THE PROBLEM:
Whenever a line of the listing contains "Porucha", it counts; give the total number of such lines and nothing more.

------ LISTED ENTRIES

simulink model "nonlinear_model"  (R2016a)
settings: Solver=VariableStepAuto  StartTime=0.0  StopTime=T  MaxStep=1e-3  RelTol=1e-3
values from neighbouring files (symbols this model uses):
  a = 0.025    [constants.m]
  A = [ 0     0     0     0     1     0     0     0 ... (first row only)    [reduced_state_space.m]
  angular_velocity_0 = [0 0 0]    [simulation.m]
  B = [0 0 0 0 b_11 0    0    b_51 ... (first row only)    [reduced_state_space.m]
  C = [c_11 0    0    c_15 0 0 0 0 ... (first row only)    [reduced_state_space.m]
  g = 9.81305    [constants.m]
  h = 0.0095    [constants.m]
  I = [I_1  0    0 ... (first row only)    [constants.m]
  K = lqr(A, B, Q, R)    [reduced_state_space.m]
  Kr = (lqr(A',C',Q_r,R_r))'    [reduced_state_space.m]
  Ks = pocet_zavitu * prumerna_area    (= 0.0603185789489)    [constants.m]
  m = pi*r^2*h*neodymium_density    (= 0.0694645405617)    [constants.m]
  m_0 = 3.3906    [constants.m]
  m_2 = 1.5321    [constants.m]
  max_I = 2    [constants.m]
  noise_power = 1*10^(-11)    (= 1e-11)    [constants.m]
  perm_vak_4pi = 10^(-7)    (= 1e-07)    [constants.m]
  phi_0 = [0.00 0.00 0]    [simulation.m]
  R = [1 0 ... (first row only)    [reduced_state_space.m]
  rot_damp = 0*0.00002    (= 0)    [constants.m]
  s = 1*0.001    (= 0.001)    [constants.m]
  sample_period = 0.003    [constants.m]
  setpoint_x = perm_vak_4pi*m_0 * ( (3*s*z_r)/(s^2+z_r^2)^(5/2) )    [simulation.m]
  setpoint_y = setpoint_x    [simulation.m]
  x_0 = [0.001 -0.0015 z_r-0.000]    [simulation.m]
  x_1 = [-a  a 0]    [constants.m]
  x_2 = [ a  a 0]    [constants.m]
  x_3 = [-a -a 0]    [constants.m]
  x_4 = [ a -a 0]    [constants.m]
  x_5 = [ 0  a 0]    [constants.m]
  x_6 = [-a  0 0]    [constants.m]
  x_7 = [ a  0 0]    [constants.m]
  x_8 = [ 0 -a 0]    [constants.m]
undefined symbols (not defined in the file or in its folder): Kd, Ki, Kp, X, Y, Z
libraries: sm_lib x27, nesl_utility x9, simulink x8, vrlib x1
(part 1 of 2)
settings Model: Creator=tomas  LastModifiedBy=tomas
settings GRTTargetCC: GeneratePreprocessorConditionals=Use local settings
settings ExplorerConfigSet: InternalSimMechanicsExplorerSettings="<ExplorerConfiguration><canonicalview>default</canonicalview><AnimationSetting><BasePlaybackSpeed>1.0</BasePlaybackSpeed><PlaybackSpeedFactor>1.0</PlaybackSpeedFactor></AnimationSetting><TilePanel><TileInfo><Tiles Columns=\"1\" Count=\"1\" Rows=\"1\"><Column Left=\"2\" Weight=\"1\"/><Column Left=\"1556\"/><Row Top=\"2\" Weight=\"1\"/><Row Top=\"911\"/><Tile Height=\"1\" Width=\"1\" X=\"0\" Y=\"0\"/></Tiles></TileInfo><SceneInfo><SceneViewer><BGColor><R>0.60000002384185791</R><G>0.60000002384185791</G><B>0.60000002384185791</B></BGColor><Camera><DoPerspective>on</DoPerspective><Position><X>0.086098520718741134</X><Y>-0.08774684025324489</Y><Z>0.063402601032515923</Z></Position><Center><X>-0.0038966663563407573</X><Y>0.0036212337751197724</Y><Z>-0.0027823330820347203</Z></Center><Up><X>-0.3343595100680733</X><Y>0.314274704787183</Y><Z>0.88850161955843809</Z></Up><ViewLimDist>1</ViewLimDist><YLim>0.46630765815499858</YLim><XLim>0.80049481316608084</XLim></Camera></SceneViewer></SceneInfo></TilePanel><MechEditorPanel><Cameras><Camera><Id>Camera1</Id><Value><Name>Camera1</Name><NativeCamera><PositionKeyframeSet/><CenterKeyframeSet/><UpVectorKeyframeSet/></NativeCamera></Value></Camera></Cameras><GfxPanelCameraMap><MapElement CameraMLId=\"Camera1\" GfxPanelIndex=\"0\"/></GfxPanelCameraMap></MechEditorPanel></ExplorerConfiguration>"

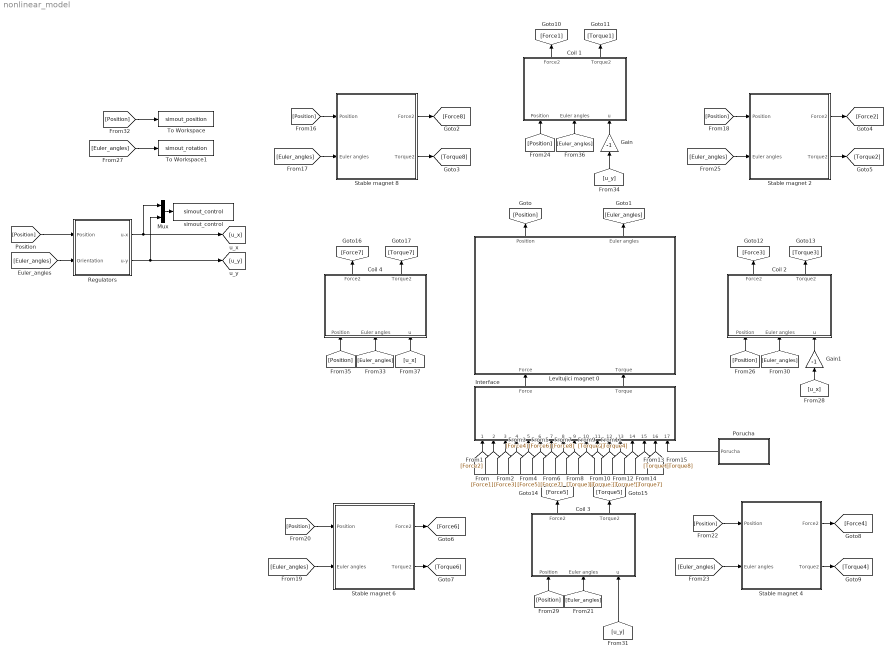
== system nonlinear_model ==
  Coil 1 : Subsystem
      mask Display: image(imread('obrazky/coil.jpg'))
  Coil 2 : Subsystem
      mask Display: image(imread('obrazky/coil.jpg'))
  Coil 3 : Subsystem
      mask Display: image(imread('obrazky/coil.jpg'))
  Coil 4 : Subsystem
      mask Display: image(imread('obrazky/coil.jpg'))
  Gain : Gain  Gain=-1
  Gain1 : Gain  Gain=-1
  Interface : Subsystem
      mask Display: image(imread('obrazky/interface.jpg'))
  Levitujici magnet 0 : Subsystem
      mask Display: image(imread('obrazky/levit.jpg'))
  Mux : Mux  Inputs=2
  Porucha : Subsystem
  Regulators : Subsystem
  Stable magnet 2 : Subsystem
      mask Display: image(imread('obrazky/stable.jpg'))
  Stable magnet 4 : Subsystem
      mask Display: image(imread('obrazky/stable.jpg'))
  Stable magnet 6 : Subsystem
      mask Display: image(imread('obrazky/stable.jpg'))
  Stable magnet 8 : Subsystem
      mask Display: image(imread('obrazky/stable.jpg'))
  To Workspace : ToWorkspace  VariableName=simout_position  SaveFormat=Timeseries  SampleTime=-1
  To Workspace1 : ToWorkspace  VariableName=simout_rotation  SaveFormat=Timeseries  SampleTime=-1
  simout_control : ToWorkspace  VariableName=simout_control  SaveFormat=Timeseries  SampleTime=-1
  wires:
  Levitujici magnet 0/1(Position) -> [Position]
  Levitujici magnet 0/2(Euler angles) -> [Euler_angles]
  [Force4] -> Interface/4(Force 4)
  [Force1] -> Interface/1(Force 1)
  [Force2] -> Interface/2(Force 2)
  [Force3] -> Interface/3(Force 3)
  [Force5] -> Interface/5(Force 5)
  [Force6] -> Interface/6(Force 6)
  [Force7] -> Interface/7(Force 7)
  [Force8] -> Interface/8(Force 8)
  [Torque1] -> Interface/9(Torque 1)
  [Torque2] -> Interface/10(Torque 2)
  [Torque3] -> Interface/11(Torque 3)
  [Torque4] -> Interface/12(Torque 4)
  [Torque5] -> Interface/13(Torque 5)
  [Torque6] -> Interface/14(Torque 6)
  [Torque7] -> Interface/15(Torque 7)
  [Torque8] -> Interface/16(Torque 8)
  Stable magnet 6/2(Torque2) -> [Torque6]
  [Euler_angles] -> Stable magnet 6/2(Euler angles)
  [Position] -> Stable magnet 6/1(Position)
  Stable magnet 6/1(Force2) -> [Force6]
  [Position] -> Coil 1/1(Position)
  [Euler_angles] -> Coil 1/2(Euler angles)
  Coil 1/1(Force2) -> [Force1]
  Coil 1/2(Torque2) -> [Torque1]
  Stable magnet 8/2(Torque2) -> [Torque8]
  [Euler_angles] -> Stable magnet 8/2(Euler angles)
  [Position] -> Stable magnet 8/1(Position)
  Stable magnet 8/1(Force2) -> [Force8]
  Stable magnet 2/2(Torque2) -> [Torque2]
  [Euler_angles] -> Stable magnet 2/2(Euler angles)
  [Position] -> Stable magnet 2/1(Position)
  Stable magnet 2/1(Force2) -> [Force2]
  [Position] -> To Workspace/1
  [Euler_angles] -> To Workspace1/1
  [u_y] -> Gain/1
  [Position] -> Coil 2/1(Position)
  [Euler_angles] -> Coil 2/2(Euler angles)
  Coil 2/1(Force2) -> [Force3]
  Coil 2/2(Torque2) -> [Torque3]
  [Position] -> Coil 3/1(Position)
  [Euler_angles] -> Coil 3/2(Euler angles)
  Coil 3/1(Force2) -> [Force5]
  Coil 3/2(Torque2) -> [Torque5]
  [Position] -> Coil 4/1(Position)
  [Euler_angles] -> Coil 4/2(Euler angles)
  Coil 4/1(Force2) -> [Force7]
  Coil 4/2(Torque2) -> [Torque7]
  [u_y] -> Coil 3/3(u)
  [u_x] -> Gain1/1
  [Position] -> Stable magnet 4/1(Position)
  [Euler_angles] -> Stable magnet 4/2(Euler angles)
  Stable magnet 4/1(Force2) -> [Force4]
  Stable magnet 4/2(Torque2) -> [Torque4]
  [u_x] -> Coil 4/3(u)
  Gain1/1 -> Coil 2/3(u)
  Interface/2(Torque) -> Levitujici magnet 0/2(Torque)
  Interface/1(Force) -> Levitujici magnet 0/1(Force)
  Gain/1 -> Coil 1/3(u)
  [Position] -> Regulators/1(Position)
  [Euler_angles] -> Regulators/2(Orientation)
  Mux/1 -> simout_control/1
  Regulators/2(u-y) -> [u_y], Mux/2
  Regulators/1(u-x) -> [u_x], Mux/1
  Porucha/1(Porucha) -> Interface/17(Porucha)

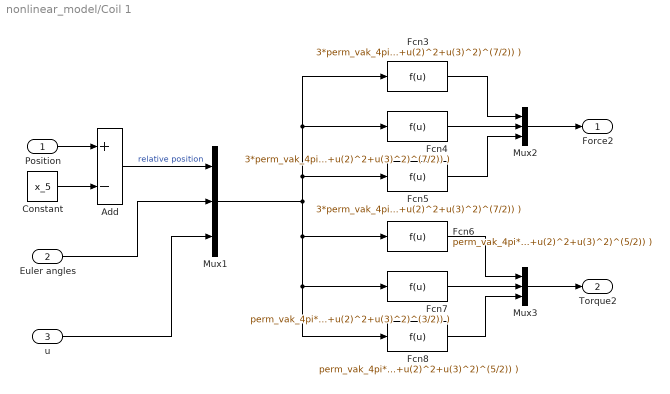
== system nonlinear_model/Coil 1 ==
  Position : Inport
  Euler angles : Inport  Port=2
  u : Inport  Port=3
  Add : Sum  Inputs=+-
  Constant : Constant  Value=x_5
  Fcn3 : Fcn  Expr=3*perm_vak_4pi*m_0*Ks*u(7) * ( (u(3)*(sin(u(4))*sin(u(6))+cos(u(4))*sin(u(5))*cos(u(6))))/((u(1)^2+u(2)^2+u(3)^2)^(5/2)) + (u(1)*(cos(u(4))*cos(u(5))))/((u(1)^2+u(2)^2+u(3)^2)^(5/2)) - (5*u(3)*u(1)*(u(1)*(sin(u(4))*sin(u(6))+cos(u(4))*sin(u(5))*cos(u(6)))+u(2)*(-sin(u(4))*cos(u(6))+cos(u(4))*sin(u(5))*sin(u(6)))+u(3)*(cos(u(4))*cos(u(5)))))/((u(1)^2+u(2)^2+u(3)^2)^(7/2)) )
  Fcn4 : Fcn  Expr=3*perm_vak_4pi*m_0*Ks*u(7) * ( (u(3)*(-sin(u(4))*cos(u(6))+cos(u(4))*sin(u(5))*sin(u(6))))/((u(1)^2+u(2)^2+u(3)^2)^(5/2)) + (u(2)*(cos(u(4))*cos(u(5))))/((u(1)^2+u(2)^2+u(3)^2)^(5/2)) - (5*u(3)*u(2)*(u(1)*(sin(u(4))*sin(u(6))+cos(u(4))*sin(u(5))*cos(u(6)))+u(2)*(-sin(u(4))*cos(u(6))+cos(u(4))*sin(u(5))*sin(u(6)))+u(3)*(cos(u(4))*cos(u(5)))))/((u(1)^2+u(2)^2+u(3)^2)^(7/2)) )
  Fcn5 : Fcn  Expr=3*perm_vak_4pi*m_0*Ks*u(7) * ( (u(3)*(cos(u(4))*cos(u(5))))/((u(1)^2+u(2)^2+u(3)^2)^(5/2)) + (u(1)*(sin(u(4))*sin(u(6))+cos(u(4))*sin(u(5))*cos(u(6)))+u(2)*(-sin(u(4))*cos(u(6))+cos(u(4))*sin(u(5))*sin(u(6)))+u(3)*(cos(u(4))*cos(u(5))))/((u(1)^2+u(2)^2+u(3)^2)^(5/2)) + (u(3)*(cos(u(4))*cos(u(5))))/((u(1)^2+u(2)^2+u(3)^2)^(5/2)) - (5*u(3)^2*(u(1)*(sin(u(4))*sin(u(6))+cos(u(4))*sin(u(5))*cos(u(6)))+u(2)*(-sin(u(4))*cos(u(6))+cos(u(4))*sin(u(5))*sin(u(6)))+u(3)*(cos(u(4))*cos(u(5)))))/((u(1)^2+u(2)^2+u(3)^2)^(7/2)) )
  Fcn6 : Fcn  Expr=perm_vak_4pi*m_0*Ks*u(7) * ( (3*u(3)^2*(-sin(u(4))*cos(u(6))+cos(u(4))*sin(u(5))*sin(u(6))))/((u(1)^2+u(2)^2+u(3)^2)^(5/2)) - ((-sin(u(4))*cos(u(6))+cos(u(4))*sin(u(5))*sin(u(6))))/((u(1)^2+u(2)^2+u(3)^2)^(3/2)) - (3*u(2)*u(3)*(cos(u(4))*cos(u(5))))/((u(1)^2+u(2)^2+u(3)^2)^(5/2)) )
  Fcn7 : Fcn  Expr=perm_vak_4pi*m_0*Ks*u(7) * ( (3*u(1)*u(3)*(cos(u(4))*cos(u(5))))/((u(1)^2+u(2)^2+u(3)^2)^(5/2)) - (3*u(3)^2*(sin(u(4))*sin(u(6))+cos(u(4))*sin(u(5))*cos(u(6))))/((u(1)^2+u(2)^2+u(3)^2)^(5/2)) + ((sin(u(4))*sin(u(6))+cos(u(4))*sin(u(5))*cos(u(6))))/((u(1)^2+u(2)^2+u(3)^2)^(3/2)) )
  Fcn8 : Fcn  Expr=perm_vak_4pi*m_0*Ks*u(7) * ( (3*u(2)*u(3)*(sin(u(4))*sin(u(6))+cos(u(4))*sin(u(5))*cos(u(6))))/((u(1)^2+u(2)^2+u(3)^2)^(5/2)) - (3*u(1)*u(3)*(-sin(u(4))*cos(u(6))+cos(u(4))*sin(u(5))*sin(u(6))))/((u(1)^2+u(2)^2+u(3)^2)^(5/2)) )
  Mux1 : Mux  Inputs=3
  Mux2 : Mux  Inputs=3
  Mux3 : Mux  Inputs=3
  Force2 : Outport
  Torque2 : Outport  Port=2
  wires:
  Position/1 -> Add/1
  Constant/1 -> Add/2
  Euler angles/1 -> Mux1/2
  Add/1 -> Mux1/1  "relative position"
  Mux1/1 -> Fcn6/1, Fcn7/1, Fcn8/1, Fcn4/1, Fcn3/1, Fcn5/1
  Fcn3/1 -> Mux2/1
  Fcn4/1 -> Mux2/2
  Fcn5/1 -> Mux2/3
  Fcn6/1 -> Mux3/1
  Fcn7/1 -> Mux3/2
  Fcn8/1 -> Mux3/3
  Mux2/1 -> Force2/1
  Mux3/1 -> Torque2/1
  u/1 -> Mux1/3

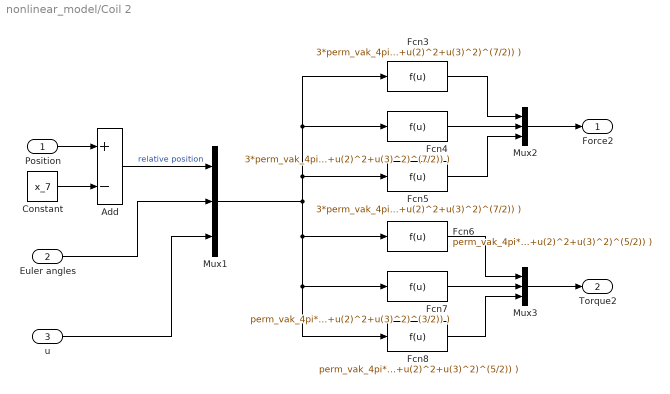
== system nonlinear_model/Coil 2 ==
  Position : Inport
  Euler angles : Inport  Port=2
  u : Inport  Port=3
  Add : Sum  Inputs=+-
  Constant : Constant  Value=x_7
  Fcn3 : Fcn  Expr=3*perm_vak_4pi*m_0*Ks*u(7) * ( (u(3)*(sin(u(4))*sin(u(6))+cos(u(4))*sin(u(5))*cos(u(6))))/((u(1)^2+u(2)^2+u(3)^2)^(5/2)) + (u(1)*(cos(u(4))*cos(u(5))))/((u(1)^2+u(2)^2+u(3)^2)^(5/2)) - (5*u(3)*u(1)*(u(1)*(sin(u(4))*sin(u(6))+cos(u(4))*sin(u(5))*cos(u(6)))+u(2)*(-sin(u(4))*cos(u(6))+cos(u(4))*sin(u(5))*sin(u(6)))+u(3)*(cos(u(4))*cos(u(5)))))/((u(1)^2+u(2)^2+u(3)^2)^(7/2)) )
  Fcn4 : Fcn  Expr=3*perm_vak_4pi*m_0*Ks*u(7) * ( (u(3)*(-sin(u(4))*cos(u(6))+cos(u(4))*sin(u(5))*sin(u(6))))/((u(1)^2+u(2)^2+u(3)^2)^(5/2)) + (u(2)*(cos(u(4))*cos(u(5))))/((u(1)^2+u(2)^2+u(3)^2)^(5/2)) - (5*u(3)*u(2)*(u(1)*(sin(u(4))*sin(u(6))+cos(u(4))*sin(u(5))*cos(u(6)))+u(2)*(-sin(u(4))*cos(u(6))+cos(u(4))*sin(u(5))*sin(u(6)))+u(3)*(cos(u(4))*cos(u(5)))))/((u(1)^2+u(2)^2+u(3)^2)^(7/2)) )
  Fcn5 : Fcn  Expr=3*perm_vak_4pi*m_0*Ks*u(7) * ( (u(3)*(cos(u(4))*cos(u(5))))/((u(1)^2+u(2)^2+u(3)^2)^(5/2)) + (u(1)*(sin(u(4))*sin(u(6))+cos(u(4))*sin(u(5))*cos(u(6)))+u(2)*(-sin(u(4))*cos(u(6))+cos(u(4))*sin(u(5))*sin(u(6)))+u(3)*(cos(u(4))*cos(u(5))))/((u(1)^2+u(2)^2+u(3)^2)^(5/2)) + (u(3)*(cos(u(4))*cos(u(5))))/((u(1)^2+u(2)^2+u(3)^2)^(5/2)) - (5*u(3)^2*(u(1)*(sin(u(4))*sin(u(6))+cos(u(4))*sin(u(5))*cos(u(6)))+u(2)*(-sin(u(4))*cos(u(6))+cos(u(4))*sin(u(5))*sin(u(6)))+u(3)*(cos(u(4))*cos(u(5)))))/((u(1)^2+u(2)^2+u(3)^2)^(7/2)) )
  Fcn6 : Fcn  Expr=perm_vak_4pi*m_0*Ks*u(7) * ( (3*u(3)^2*(-sin(u(4))*cos(u(6))+cos(u(4))*sin(u(5))*sin(u(6))))/((u(1)^2+u(2)^2+u(3)^2)^(5/2)) - ((-sin(u(4))*cos(u(6))+cos(u(4))*sin(u(5))*sin(u(6))))/((u(1)^2+u(2)^2+u(3)^2)^(3/2)) - (3*u(2)*u(3)*(cos(u(4))*cos(u(5))))/((u(1)^2+u(2)^2+u(3)^2)^(5/2)) )
  Fcn7 : Fcn  Expr=perm_vak_4pi*m_0*Ks*u(7) * ( (3*u(1)*u(3)*(cos(u(4))*cos(u(5))))/((u(1)^2+u(2)^2+u(3)^2)^(5/2)) - (3*u(3)^2*(sin(u(4))*sin(u(6))+cos(u(4))*sin(u(5))*cos(u(6))))/((u(1)^2+u(2)^2+u(3)^2)^(5/2)) + ((sin(u(4))*sin(u(6))+cos(u(4))*sin(u(5))*cos(u(6))))/((u(1)^2+u(2)^2+u(3)^2)^(3/2)) )
  Fcn8 : Fcn  Expr=perm_vak_4pi*m_0*Ks*u(7) * ( (3*u(2)*u(3)*(sin(u(4))*sin(u(6))+cos(u(4))*sin(u(5))*cos(u(6))))/((u(1)^2+u(2)^2+u(3)^2)^(5/2)) - (3*u(1)*u(3)*(-sin(u(4))*cos(u(6))+cos(u(4))*sin(u(5))*sin(u(6))))/((u(1)^2+u(2)^2+u(3)^2)^(5/2)) )
  Mux1 : Mux  Inputs=3
  Mux2 : Mux  Inputs=3
  Mux3 : Mux  Inputs=3
  Force2 : Outport
  Torque2 : Outport  Port=2
  wires:
  Position/1 -> Add/1
  Constant/1 -> Add/2
  Euler angles/1 -> Mux1/2
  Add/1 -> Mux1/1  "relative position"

------------

SOLUTION TO THE EXERCISE:
2